§ What you should do: Would you please output the records exactly as they appear below?

§ The data:
>>

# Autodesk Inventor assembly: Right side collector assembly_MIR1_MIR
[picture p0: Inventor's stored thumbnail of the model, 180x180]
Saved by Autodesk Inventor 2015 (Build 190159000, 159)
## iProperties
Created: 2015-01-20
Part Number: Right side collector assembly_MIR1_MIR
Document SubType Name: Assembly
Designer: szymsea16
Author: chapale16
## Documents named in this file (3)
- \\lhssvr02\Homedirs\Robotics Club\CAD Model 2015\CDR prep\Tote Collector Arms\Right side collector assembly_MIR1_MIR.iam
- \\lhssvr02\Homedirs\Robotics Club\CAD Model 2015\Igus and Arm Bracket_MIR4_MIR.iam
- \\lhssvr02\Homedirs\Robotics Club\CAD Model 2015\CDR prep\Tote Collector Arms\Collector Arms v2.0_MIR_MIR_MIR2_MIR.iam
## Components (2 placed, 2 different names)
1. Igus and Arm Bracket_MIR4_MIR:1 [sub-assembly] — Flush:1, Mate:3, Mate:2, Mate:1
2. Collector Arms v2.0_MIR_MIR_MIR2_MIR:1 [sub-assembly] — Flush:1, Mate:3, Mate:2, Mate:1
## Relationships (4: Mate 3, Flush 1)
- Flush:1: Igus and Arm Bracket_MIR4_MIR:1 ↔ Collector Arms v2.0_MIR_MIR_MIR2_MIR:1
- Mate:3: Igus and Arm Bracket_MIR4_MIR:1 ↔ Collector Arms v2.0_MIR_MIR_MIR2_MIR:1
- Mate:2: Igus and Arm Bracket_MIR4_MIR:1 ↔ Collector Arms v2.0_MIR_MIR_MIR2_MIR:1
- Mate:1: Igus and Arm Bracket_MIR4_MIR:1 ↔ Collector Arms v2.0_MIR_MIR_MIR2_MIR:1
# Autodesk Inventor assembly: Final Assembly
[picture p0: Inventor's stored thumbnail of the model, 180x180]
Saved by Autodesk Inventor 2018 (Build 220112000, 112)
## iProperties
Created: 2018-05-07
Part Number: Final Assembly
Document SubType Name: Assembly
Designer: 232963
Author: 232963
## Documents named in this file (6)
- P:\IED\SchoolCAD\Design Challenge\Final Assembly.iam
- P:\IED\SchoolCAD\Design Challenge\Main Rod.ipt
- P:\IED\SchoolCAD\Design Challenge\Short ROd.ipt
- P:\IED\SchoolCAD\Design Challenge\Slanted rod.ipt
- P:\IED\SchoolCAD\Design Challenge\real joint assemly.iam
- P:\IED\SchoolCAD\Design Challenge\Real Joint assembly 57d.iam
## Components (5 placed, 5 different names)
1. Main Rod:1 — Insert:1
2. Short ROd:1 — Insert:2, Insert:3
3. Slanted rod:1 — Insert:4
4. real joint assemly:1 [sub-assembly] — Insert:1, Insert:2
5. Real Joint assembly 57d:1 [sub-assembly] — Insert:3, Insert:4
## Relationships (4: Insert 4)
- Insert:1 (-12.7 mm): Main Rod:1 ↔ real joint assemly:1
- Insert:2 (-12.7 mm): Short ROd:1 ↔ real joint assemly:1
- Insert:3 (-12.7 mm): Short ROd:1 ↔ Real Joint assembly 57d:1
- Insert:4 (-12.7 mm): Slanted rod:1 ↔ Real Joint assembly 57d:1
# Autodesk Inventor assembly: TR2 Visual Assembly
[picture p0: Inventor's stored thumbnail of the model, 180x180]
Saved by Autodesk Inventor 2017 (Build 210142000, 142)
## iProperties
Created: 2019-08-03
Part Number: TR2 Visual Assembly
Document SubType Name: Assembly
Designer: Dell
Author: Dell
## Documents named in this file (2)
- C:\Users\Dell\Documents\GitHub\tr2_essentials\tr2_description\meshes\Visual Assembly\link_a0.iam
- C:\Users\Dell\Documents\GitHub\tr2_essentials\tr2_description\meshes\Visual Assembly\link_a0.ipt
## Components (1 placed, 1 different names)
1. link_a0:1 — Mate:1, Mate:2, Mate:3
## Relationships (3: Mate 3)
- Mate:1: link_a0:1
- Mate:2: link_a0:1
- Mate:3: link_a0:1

<<

§ Task result:
# Autodesk Inventor assembly: Right side collector assembly_MIR1_MIR
[picture p0: Inventor's stored thumbnail of the model, 180x180]
Saved by Autodesk Inventor 2015 (Build 190159000, 159)
## iProperties
Created: 2015-01-20
Part Number: Right side collector assembly_MIR1_MIR
Document SubType Name: Assembly
Designer: szymsea16
Author: chapale16
## Documents named in this file (3)
- \\lhssvr02\Homedirs\Robotics Club\CAD Model 2015\CDR prep\Tote Collector Arms\Right side collector assembly_MIR1_MIR.iam
- \\lhssvr02\Homedirs\Robotics Club\CAD Model 2015\Igus and Arm Bracket_MIR4_MIR.iam
- \\lhssvr02\Homedirs\Robotics Club\CAD Model 2015\CDR prep\Tote Collector Arms\Collector Arms v2.0_MIR_MIR_MIR2_MIR.iam
## Components (2 placed, 2 different names)
1. Igus and Arm Bracket_MIR4_MIR:1 [sub-assembly] — Flush:1, Mate:3, Mate:2, Mate:1
2. Collector Arms v2.0_MIR_MIR_MIR2_MIR:1 [sub-assembly] — Flush:1, Mate:3, Mate:2, Mate:1
## Relationships (4: Mate 3, Flush 1)
- Flush:1: Igus and Arm Bracket_MIR4_MIR:1 ↔ Collector Arms v2.0_MIR_MIR_MIR2_MIR:1
- Mate:3: Igus and Arm Bracket_MIR4_MIR:1 ↔ Collector Arms v2.0_MIR_MIR_MIR2_MIR:1
- Mate:2: Igus and Arm Bracket_MIR4_MIR:1 ↔ Collector Arms v2.0_MIR_MIR_MIR2_MIR:1
- Mate:1: Igus and Arm Bracket_MIR4_MIR:1 ↔ Collector Arms v2.0_MIR_MIR_MIR2_MIR:1
# Autodesk Inventor assembly: Final Assembly
[picture p0: Inventor's stored thumbnail of the model, 180x180]
Saved by Autodesk Inventor 2018 (Build 220112000, 112)
## iProperties
Created: 2018-05-07
Part Number: Final Assembly
Document SubType Name: Assembly
Designer: 232963
Author: 232963
## Documents named in this file (6)
- P:\IED\SchoolCAD\Design Challenge\Final Assembly.iam
- P:\IED\SchoolCAD\Design Challenge\Main Rod.ipt
- P:\IED\SchoolCAD\Design Challenge\Short ROd.ipt
- P:\IED\SchoolCAD\Design Challenge\Slanted rod.ipt
- P:\IED\SchoolCAD\Design Challenge\real joint assemly.iam
- P:\IED\SchoolCAD\Design Challenge\Real Joint assembly 57d.iam
## Components (5 placed, 5 different names)
1. Main Rod:1 — Insert:1
2. Short ROd:1 — Insert:2, Insert:3
3. Slanted rod:1 — Insert:4
4. real joint assemly:1 [sub-assembly] — Insert:1, Insert:2
5. Real Joint assembly 57d:1 [sub-assembly] — Insert:3, Insert:4
## Relationships (4: Insert 4)
- Insert:1 (-12.7 mm): Main Rod:1 ↔ real joint assemly:1
- Insert:2 (-12.7 mm): Short ROd:1 ↔ real joint assemly:1
- Insert:3 (-12.7 mm): Short ROd:1 ↔ Real Joint assembly 57d:1
- Insert:4 (-12.7 mm): Slanted rod:1 ↔ Real Joint assembly 57d:1
# Autodesk Inventor assembly: TR2 Visual Assembly
[picture p0: Inventor's stored thumbnail of the model, 180x180]
Saved by Autodesk Inventor 2017 (Build 210142000, 142)
## iProperties
Created: 2019-08-03
Part Number: TR2 Visual Assembly
Document SubType Name: Assembly
Designer: Dell
Author: Dell
## Documents named in this file (2)
- C:\Users\Dell\Documents\GitHub\tr2_essentials\tr2_description\meshes\Visual Assembly\link_a0.iam
- C:\Users\Dell\Documents\GitHub\tr2_essentials\tr2_description\meshes\Visual Assembly\link_a0.ipt
## Components (1 placed, 1 different names)
1. link_a0:1 — Mate:1, Mate:2, Mate:3
## Relationships (3: Mate 3)
- Mate:1: link_a0:1
- Mate:2: link_a0:1
- Mate:3: link_a0:1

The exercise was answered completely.